> [The problem]: Return all the lines below in which the string "HIDDEN" appears.

########

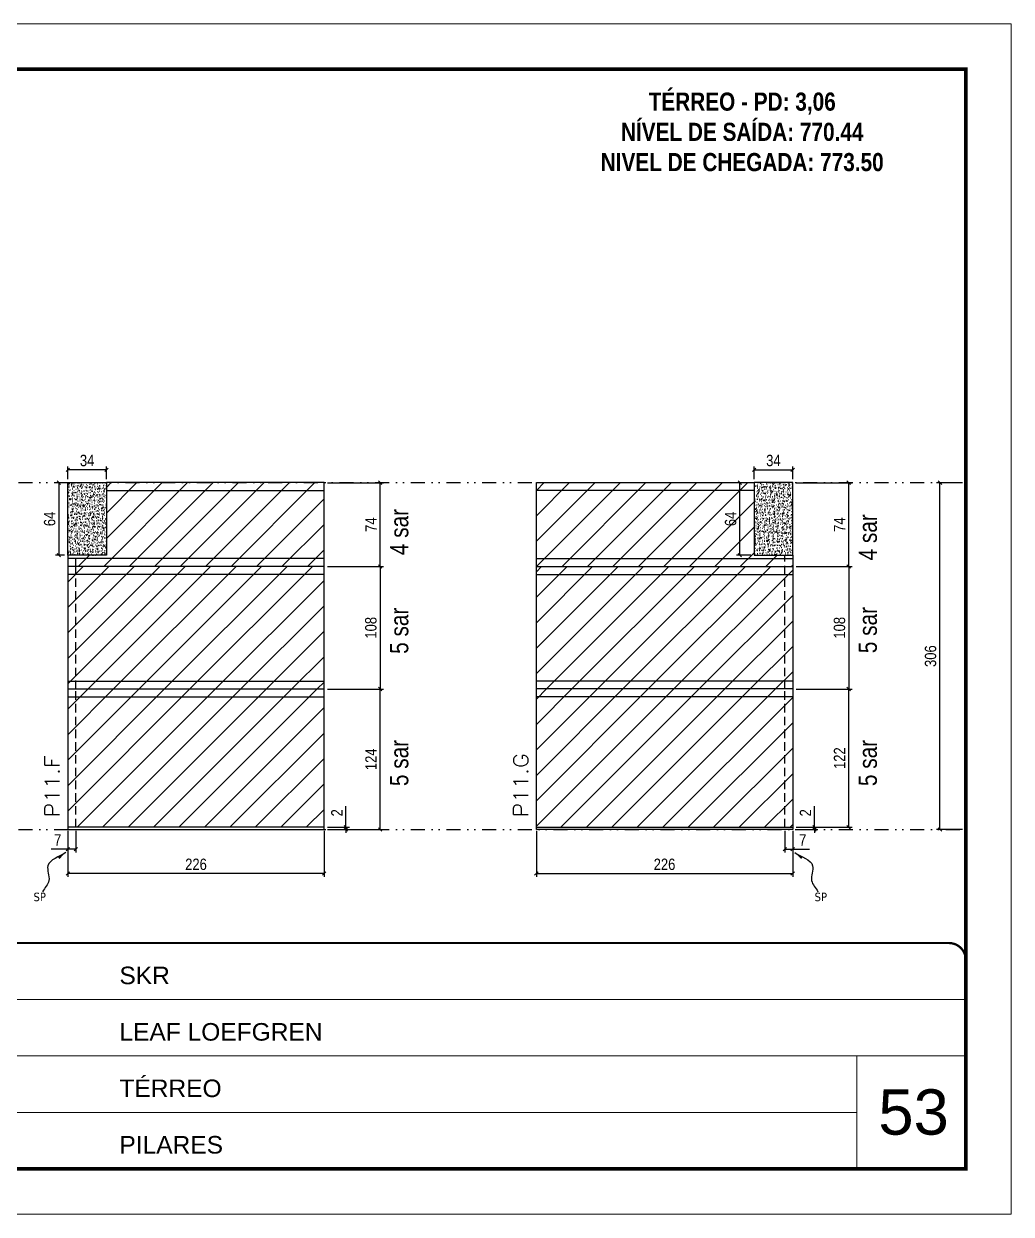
# Model space of a CAD drawing. Extents: x 14400 to 27878, y -21631 to 6985.
# Drawn here: x 15028 to 15898, y -8997 to -7947 of the extents above; entities that cross this region are included whole.
import ezdxf

# ---------------------------------------------------------------- set-up
doc = ezdxf.new("R2010")
doc.units = 0
for name, pattern in [('CONTINUO', [0]), ('DASHED', [0.75, 0.5, -0.25]), ('DIVIDE2', [0.625, 0.25, -0.125, 0, -0.125, 0, -0.125]), ('HIDDEN', [0.375, 0.25, -0.125])]:
    doc.linetypes.add(name, pattern=pattern)
for name, color, linetype, lineweight in [('CARIMBO', 255, 'Continuous', 9), ('Folhas', 255, 'Continuous', 9), ('Hachura', 251, 'Continuous', 9), ('SARRAFO DE PRESSAO', 251, 'DASHED', 9), ('Texto Seção', 7, 'Continuous', 15)]:
    doc.layers.add(name, color=color, linetype=linetype, lineweight=lineweight)
for name, color, linetype in [('COTA', 241, 'Continuous'), ('NOMENCLATURA', 7, 'Continuous'), ('Nível', 160, 'Continuous'), ('Painéis', 200, 'Continuous'), ('SARR_2.2x7', 40, 'Continuous'), ('Sarrafo de Pressão', 42, 'HIDDEN'), ('texto', 7, 'Continuous')]:
    doc.layers.add(name, color=color, linetype=linetype)
doc.styles.add('ARIAL', font='arial.ttf')
doc.styles.add('ARIAL_NARROW', font='ARIALN.TTF', dxfattribs={"height": 0.2})
doc.styles.add('COTA TECNICA', font='techl___.ttf', dxfattribs={"height": 10})
doc.styles.add('COTA TECNICA-50', font='techl___.ttf', dxfattribs={"height": 10})
doc.styles.add('REGUA-120', font='ROMANS.shx', dxfattribs={"height": 15})
doc.styles.add('ROMANC', font='techb___.ttf', dxfattribs={"height": 2.5})
doc.styles.get("Standard").update_dxf_attribs({"font": 'arial.ttf'})
doc.dimstyles.new('COTA PAINEL-50', dxfattribs={"dimtxt": 10, "dimasz": 3, "dimexe": 3, "dimexo": 3, "dimgap": 3, "dimtad": 1, "dimdec": 1, "dimzin": 12, "dimdsep": 46, "dimtxsty": 'COTA TECNICA-50', "dimblk1": 'OBLIQUE', "dimblk2": 'OBLIQUE', "dimsah": 1, "dimcen": 0.9, "dimclrd": 4, "dimclre": 4, "dimclrt": 240, "dimadec": 1, "dimazin": 3, "dimtfac": 1, "dimtdec": 1, "dimtmove": 0, "dimatfit": 3, "dimfxl": 1, "dimtolj": 1, "dimtzin": 12, "dimarcsym": 0})
doc.dimstyles.new('PAINEL', dxfattribs={"dimtxt": 10, "dimasz": 3, "dimexe": 3, "dimexo": 3, "dimgap": 3, "dimtad": 1, "dimdec": 1, "dimzin": 12, "dimdsep": 46, "dimtxsty": 'COTA TECNICA', "dimblk1": 'OBLIQUE', "dimblk2": 'OBLIQUE', "dimsah": 1, "dimcen": 0.9, "dimclrd": 4, "dimclre": 4, "dimclrt": 240, "dimadec": 1, "dimazin": 3, "dimtfac": 1, "dimtdec": 1, "dimtmove": 0, "dimatfit": 3, "dimfxl": 1, "dimtolj": 1, "dimtzin": 12, "dimarcsym": 0})
doc.dimstyles.get("Standard").update_dxf_attribs({"dimtxt": 0.18, "dimasz": 0.18, "dimexe": 0.18, "dimexo": 0.0625, "dimgap": 0.09, "dimtad": 0, "dimtih": 1, "dimtoh": 1, "dimdec": 4, "dimzin": 0, "dimdsep": 46, "dimtxsty": 'Standard', "dimcen": 0.09, "dimadec": 0, "dimazin": 0, "dimtfac": 1, "dimtdec": 4, "dimtofl": 0, "dimtmove": 0, "dimatfit": 3, "dimfxl": 1, "dimtolj": 1, "dimtzin": 0, "dimarcsym": 0})
pattern_1 = [(45, (0, -18), (-11.22532, 11.22532), [])]

# ---------------------------------------------------------------- blocks, each defined once
blk = doc.blocks.new('9999999999')
at = {"color": 30, "linetype": 'CONTINUO'}
for p, q in [((98564.6, 34379.6), (99584, 34379.6)), ((98564.6, 34329.8), (99488, 34329.8)), ((99584, 34329.8), (99488, 34329.8)), ((99488, 34329.8), (99488, 34230.2)), ((98564.6, 34280), (99488, 34280))]:
    blk.add_line(p, q, dxfattribs=at)
at = {"color": 30, "linetype": 'CONTINUO', "const_width": 2}
blk.add_lwpolyline([(99584, 34230.2), (99584, 34414.4, 0.414214), (99569, 34429.4), (98229, 34429.4, 0.414214), (98214, 34414.4), (98214, 34245.2, 0.414214), (98229, 34230.2), (99584, 34230.2)], format="xyb", dxfattribs=at)
at = {"layer": 'Folhas'}
blk.add_lwpolyline([(98139, 34190.2), (99624, 34190.2), (99624, 35240.2), (98139, 35240.2)], close=True, dxfattribs=at)
at = {"layer": 'Folhas', "color": 30, "const_width": 3}
blk.add_lwpolyline([(98214, 34230.2), (99584, 34230.2), (99584, 35200.2), (98214, 35200.2)], close=True, dxfattribs=at)
at = {"color": 7, "linetype": 'Continuous', "ltscale": 5, "style": 'ARIAL'}
for s, height, p in [('SKR', 15.48, (98837.7, 34393.1)), ('LEAF LOEFGREN', 15.483, (98837.7, 34343.3)), ('TÉRREO', 15.48, (98837.7, 34293.5)), ('PILARES', 15.48, (98837.7, 34243.7))]:
    blk.add_text(s, height=height, dxfattribs=at).set_placement(p)
blk = doc.blocks.new('_Oblique')
at = {"color": 0, "linetype": 'ByBlock', "lineweight": -2}
blk.add_line((-0.5, -0.5), (0.5, 0.5), dxfattribs=at)
blk = doc.blocks.new('*D1557')
at = {"layer": 'COTA', "color": 4, "lineweight": -2, "transparency": 16777216}
for p, q in [((15066.7, -8658.5), (15066.7, -8699.3)), ((15292.7, -8658.5), (15292.7, -8699.3)), ((15292.7, -8696.3), (15066.7, -8696.3))]:
    blk.add_line(p, q, dxfattribs=at)
at = {"layer": 'Defpoints', "color": 0, "transparency": 16777216}
for p in [(15066.7, -8655.5), (15292.7, -8655.5), (15066.7, -8696.3)]:
    blk.add_point(p, dxfattribs=at)
at = {"layer": 'COTA', "color": 4, "lineweight": -2, "transparency": 16777216, "xscale": 3, "yscale": 3, "zscale": 3, "rotation": 180}
blk.add_blockref('_Oblique', (15066.7, -8696.3), dxfattribs=at)
at = {"layer": 'COTA', "color": 4, "lineweight": -2, "transparency": 16777216, "xscale": 3, "yscale": 3, "zscale": 3}
blk.add_blockref('_Oblique', (15292.7, -8696.3), dxfattribs=at)
at = {"layer": 'COTA', "color": 240, "transparency": 16777216, "insert": (15179.7, -8688.2), "char_height": 10, "attachment_point": 5, "style": 'COTA TECNICA'}
blk.add_mtext('\\A1;226', dxfattribs=at)
blk = doc.blocks.new('*D1558')
at = {"layer": 'COTA', "color": 4, "lineweight": -2, "transparency": 16777216}
for p, q in [((15066.7, -8660.5), (15066.7, -8677.7)), ((15073.7, -8658.5), (15073.7, -8677.7)), ((15066.7, -8674.7), (15051.9, -8674.7)), ((15073.7, -8674.7), (15066.7, -8674.7))]:
    blk.add_line(p, q, dxfattribs=at)
at = {"layer": 'Defpoints', "color": 0, "transparency": 16777216}
for p in [(15066.7, -8657.5), (15073.7, -8655.5), (15066.7, -8674.7)]:
    blk.add_point(p, dxfattribs=at)
at = {"layer": 'COTA', "color": 4, "lineweight": -2, "transparency": 16777216, "xscale": 3, "yscale": 3, "zscale": 3, "rotation": 180}
blk.add_blockref('_Oblique', (15066.7, -8674.7), dxfattribs=at)
at = {"layer": 'COTA', "color": 4, "lineweight": -2, "transparency": 16777216, "xscale": 3, "yscale": 3, "zscale": 3}
blk.add_blockref('_Oblique', (15073.7, -8674.7), dxfattribs=at)
at = {"layer": 'COTA', "color": 240, "transparency": 16777216, "insert": (15057.8, -8666.6), "char_height": 10, "attachment_point": 5, "style": 'COTA TECNICA-50'}
blk.add_mtext('\\A1;7', dxfattribs=at)
blk = doc.blocks.new('*D1559')
at = {"layer": 'COTA', "color": 4, "lineweight": -2, "transparency": 16777216}
for p, q in [((15311.9, -8655.5), (15311.9, -8636.7)), ((15295.7, -8655.5), (15314.9, -8655.5)), ((15295.7, -8657.5), (15314.9, -8657.5)), ((15311.9, -8657.5), (15311.9, -8655.5)), ((15311.9, -8657.5), (15311.9, -8660.5))]:
    blk.add_line(p, q, dxfattribs=at)
at = {"layer": 'Defpoints', "color": 0, "transparency": 16777216}
for p in [(15292.7, -8655.5), (15292.7, -8657.5), (15311.9, -8657.5)]:
    blk.add_point(p, dxfattribs=at)
at = {"layer": 'COTA', "color": 4, "lineweight": -2, "transparency": 16777216, "xscale": 3, "yscale": 3, "zscale": 3}
for p, rotation in [((15311.9, -8655.5), 270), ((15311.9, -8657.5), 90)]:
    blk.add_blockref('_Oblique', p, dxfattribs=dict(at, rotation=rotation))
at = {"layer": 'COTA', "color": 240, "transparency": 16777216, "insert": (15303.9, -8642.7), "char_height": 10, "attachment_point": 5, "rotation": 90, "style": 'COTA TECNICA-50'}
blk.add_mtext('\\A1;2', dxfattribs=at)
blk = doc.blocks.new('*D1539')
at = {"layer": 'COTA', "color": 4, "linetype": 'ByBlock', "lineweight": -2, "transparency": 16777216}
for p, q in [((15295.7, -8533.5), (15345, -8533.5)), ((15342, -8657.5), (15342, -8533.5)), ((15295.7, -8657.5), (15345, -8657.5))]:
    blk.add_line(p, q, dxfattribs=at)
at = {"layer": 'Defpoints', "color": 0, "linetype": 'ByBlock', "transparency": 16777216}
for p in [(15292.7, -8533.5), (15342, -8533.5), (15292.7, -8657.5)]:
    blk.add_point(p, dxfattribs=at)
at = {"layer": 'COTA', "color": 4, "linetype": 'ByBlock', "lineweight": -2, "transparency": 16777216, "xscale": 3, "yscale": 3, "zscale": 3}
for p, rotation in [((15342, -8533.5), 90), ((15342, -8657.5), 270)]:
    blk.add_blockref('_Oblique', p, dxfattribs=dict(at, rotation=rotation))
at = {"layer": 'COTA', "color": 240, "linetype": 'ByBlock', "transparency": 16777216, "insert": (15334, -8595.5), "char_height": 10, "attachment_point": 5, "rotation": 90, "style": 'COTA TECNICA'}
blk.add_mtext('\\A1;124', dxfattribs=at)
blk = doc.blocks.new('*D1540')
at = {"layer": 'COTA', "color": 4, "linetype": 'ByBlock', "lineweight": -2, "transparency": 16777216}
for p, q in [((15295.7, -8533.5), (15345, -8533.5)), ((15342, -8657.5), (15342, -8533.5)), ((15295.7, -8657.5), (15345, -8657.5))]:
    blk.add_line(p, q, dxfattribs=at)
at = {"layer": 'Defpoints', "color": 0, "linetype": 'ByBlock', "transparency": 16777216}
for p in [(15292.7, -8533.5), (15342, -8533.5), (15292.7, -8657.5)]:
    blk.add_point(p, dxfattribs=at)
at = {"layer": 'COTA', "color": 4, "linetype": 'ByBlock', "lineweight": -2, "transparency": 16777216, "xscale": 3, "yscale": 3, "zscale": 3}
for p, rotation in [((15342, -8533.5), 90), ((15342, -8657.5), 270)]:
    blk.add_blockref('_Oblique', p, dxfattribs=dict(at, rotation=rotation))
at = {"layer": 'COTA', "color": 240, "linetype": 'ByBlock', "transparency": 16777216, "insert": (15334, -8595.5), "char_height": 10, "attachment_point": 5, "rotation": 90, "style": 'COTA TECNICA'}
blk.add_mtext('\\A1;124', dxfattribs=at)
blk = doc.blocks.new('*D1549')
at = {"layer": 'COTA', "color": 4, "lineweight": -2, "transparency": 16777216}
for p, q in [((15063.7, -8351.5), (15055.8, -8351.5)), ((15058.8, -8351.5), (15058.8, -8415.5)), ((15063.7, -8415.5), (15055.8, -8415.5))]:
    blk.add_line(p, q, dxfattribs=at)
at = {"layer": 'Defpoints', "color": 0, "transparency": 16777216}
for p in [(15066.7, -8351.5), (15058.8, -8415.5), (15066.7, -8415.5)]:
    blk.add_point(p, dxfattribs=at)
at = {"layer": 'COTA', "color": 4, "lineweight": -2, "transparency": 16777216, "xscale": 3, "yscale": 3, "zscale": 3}
for p, rotation in [((15058.8, -8351.5), 90), ((15058.8, -8415.5), 270)]:
    blk.add_blockref('_Oblique', p, dxfattribs=dict(at, rotation=rotation))
at = {"layer": 'COTA', "color": 240, "transparency": 16777216, "insert": (15050.7, -8383.5), "char_height": 10, "attachment_point": 5, "rotation": 90, "style": 'COTA TECNICA'}
blk.add_mtext('\\A1;64', dxfattribs=at)
blk = doc.blocks.new('*D1550')
at = {"layer": 'COTA', "color": 4, "lineweight": -2, "transparency": 16777216}
for p, q in [((15066.7, -8348.5), (15066.7, -8337.2)), ((15100.7, -8340.2), (15066.7, -8340.2)), ((15100.7, -8348.5), (15100.7, -8337.2))]:
    blk.add_line(p, q, dxfattribs=at)
at = {"layer": 'Defpoints', "color": 0, "transparency": 16777216}
for p in [(15066.7, -8340.2), (15066.7, -8351.5), (15100.7, -8351.5)]:
    blk.add_point(p, dxfattribs=at)
at = {"layer": 'COTA', "color": 4, "lineweight": -2, "transparency": 16777216, "xscale": 3, "yscale": 3, "zscale": 3, "rotation": 180}
blk.add_blockref('_Oblique', (15066.7, -8340.2), dxfattribs=at)
at = {"layer": 'COTA', "color": 4, "lineweight": -2, "transparency": 16777216, "xscale": 3, "yscale": 3, "zscale": 3}
blk.add_blockref('_Oblique', (15100.7, -8340.2), dxfattribs=at)
at = {"layer": 'COTA', "color": 240, "transparency": 16777216, "insert": (15083.7, -8332), "char_height": 10, "attachment_point": 5, "style": 'COTA TECNICA'}
blk.add_mtext('\\A1;34', dxfattribs=at)
blk = doc.blocks.new('*D1551')
at = {"layer": 'COTA', "color": 4, "lineweight": -2, "transparency": 16777216}
for p, q in [((15479.8, -8658.5), (15479.8, -8699.3)), ((15705.8, -8658.5), (15705.8, -8699.3)), ((15479.8, -8696.3), (15705.8, -8696.3))]:
    blk.add_line(p, q, dxfattribs=at)
at = {"layer": 'Defpoints', "color": 0, "transparency": 16777216}
for p in [(15479.8, -8655.5), (15705.8, -8655.5), (15705.8, -8696.3)]:
    blk.add_point(p, dxfattribs=at)
at = {"layer": 'COTA', "color": 4, "lineweight": -2, "transparency": 16777216, "xscale": 3, "yscale": 3, "zscale": 3, "rotation": 180}
blk.add_blockref('_Oblique', (15479.8, -8696.3), dxfattribs=at)
at = {"layer": 'COTA', "color": 4, "lineweight": -2, "transparency": 16777216, "xscale": 3, "yscale": 3, "zscale": 3}
blk.add_blockref('_Oblique', (15705.8, -8696.3), dxfattribs=at)
at = {"layer": 'COTA', "color": 240, "transparency": 16777216, "insert": (15592.8, -8688.2), "char_height": 10, "attachment_point": 5, "style": 'COTA TECNICA'}
blk.add_mtext('\\A1;226', dxfattribs=at)
blk = doc.blocks.new('*D1552')
at = {"layer": 'COTA', "color": 4, "lineweight": -2, "transparency": 16777216}
for p, q in [((15698.8, -8658.5), (15698.8, -8677.7)), ((15705.8, -8660.5), (15705.8, -8677.7)), ((15698.8, -8674.7), (15705.8, -8674.7)), ((15705.8, -8674.7), (15720.5, -8674.7))]:
    blk.add_line(p, q, dxfattribs=at)
at = {"layer": 'Defpoints', "color": 0, "transparency": 16777216}
for p in [(15698.8, -8655.5), (15705.8, -8657.5), (15705.8, -8674.7)]:
    blk.add_point(p, dxfattribs=at)
at = {"layer": 'COTA', "color": 4, "lineweight": -2, "transparency": 16777216, "xscale": 3, "yscale": 3, "zscale": 3, "rotation": 180}
blk.add_blockref('_Oblique', (15698.8, -8674.7), dxfattribs=at)
at = {"layer": 'COTA', "color": 4, "lineweight": -2, "transparency": 16777216, "xscale": 3, "yscale": 3, "zscale": 3}
blk.add_blockref('_Oblique', (15705.8, -8674.7), dxfattribs=at)
at = {"layer": 'COTA', "color": 240, "transparency": 16777216, "insert": (15714.7, -8666.6), "char_height": 10, "attachment_point": 5, "style": 'COTA TECNICA-50'}
blk.add_mtext('\\A1;7', dxfattribs=at)
blk = doc.blocks.new('*D1553')
at = {"layer": 'COTA', "color": 4, "lineweight": -2, "transparency": 16777216}
for p, q in [((15725.1, -8655.5), (15725.1, -8636.7)), ((15708.8, -8655.5), (15728.1, -8655.5)), ((15708.8, -8657.5), (15728.1, -8657.5)), ((15725.1, -8657.5), (15725.1, -8655.5)), ((15725.1, -8657.5), (15725.1, -8660.5))]:
    blk.add_line(p, q, dxfattribs=at)
at = {"layer": 'Defpoints', "color": 0, "transparency": 16777216}
for p in [(15705.8, -8655.5), (15705.8, -8657.5), (15725.1, -8657.5)]:
    blk.add_point(p, dxfattribs=at)
at = {"layer": 'COTA', "color": 4, "lineweight": -2, "transparency": 16777216, "xscale": 3, "yscale": 3, "zscale": 3}
for p, rotation in [((15725.1, -8655.5), 270), ((15725.1, -8657.5), 90)]:
    blk.add_blockref('_Oblique', p, dxfattribs=dict(at, rotation=rotation))
at = {"layer": 'COTA', "color": 240, "transparency": 16777216, "insert": (15717.1, -8642.7), "char_height": 10, "attachment_point": 5, "rotation": 90, "style": 'COTA TECNICA-50'}
blk.add_mtext('\\A1;2', dxfattribs=at)
blk = doc.blocks.new('*D1554')
at = {"layer": 'COTA', "color": 4, "lineweight": -2, "transparency": 16777216}
for p, q in [((15671.8, -8348.5), (15671.8, -8337.2)), ((15671.8, -8340.2), (15705.8, -8340.2)), ((15705.8, -8348.5), (15705.8, -8337.2))]:
    blk.add_line(p, q, dxfattribs=at)
at = {"layer": 'Defpoints', "color": 0, "transparency": 16777216}
for p in [(15705.8, -8340.2), (15671.8, -8351.5), (15705.8, -8351.5)]:
    blk.add_point(p, dxfattribs=at)
at = {"layer": 'COTA', "color": 4, "lineweight": -2, "transparency": 16777216, "xscale": 3, "yscale": 3, "zscale": 3, "rotation": 180}
blk.add_blockref('_Oblique', (15671.8, -8340.2), dxfattribs=at)
at = {"layer": 'COTA', "color": 4, "lineweight": -2, "transparency": 16777216, "xscale": 3, "yscale": 3, "zscale": 3}
blk.add_blockref('_Oblique', (15705.8, -8340.2), dxfattribs=at)
at = {"layer": 'COTA', "color": 240, "transparency": 16777216, "insert": (15688.8, -8332), "char_height": 10, "attachment_point": 5, "style": 'COTA TECNICA'}
blk.add_mtext('\\A1;34', dxfattribs=at)
blk = doc.blocks.new('*D1555')
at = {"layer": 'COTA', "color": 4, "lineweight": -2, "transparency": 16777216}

########

> [Written reply]:
for name, pattern in [('CONTINUO', [0]), ('DASHED', [0.75, 0.5, -0.25]), ('DIVIDE2', [0.625, 0.25, -0.125, 0, -0.125, 0, -0.125]), ('HIDDEN', [0.375, 0.25, -0.125])]:
for name, color, linetype in [('COTA', 241, 'Continuous'), ('NOMENCLATURA', 7, 'Continuous'), ('Nível', 160, 'Continuous'), ('Painéis', 200, 'Continuous'), ('SARR_2.2x7', 40, 'Continuous'), ('Sarrafo de Pressão', 42, 'HIDDEN'), ('texto', 7, 'Continuous')]:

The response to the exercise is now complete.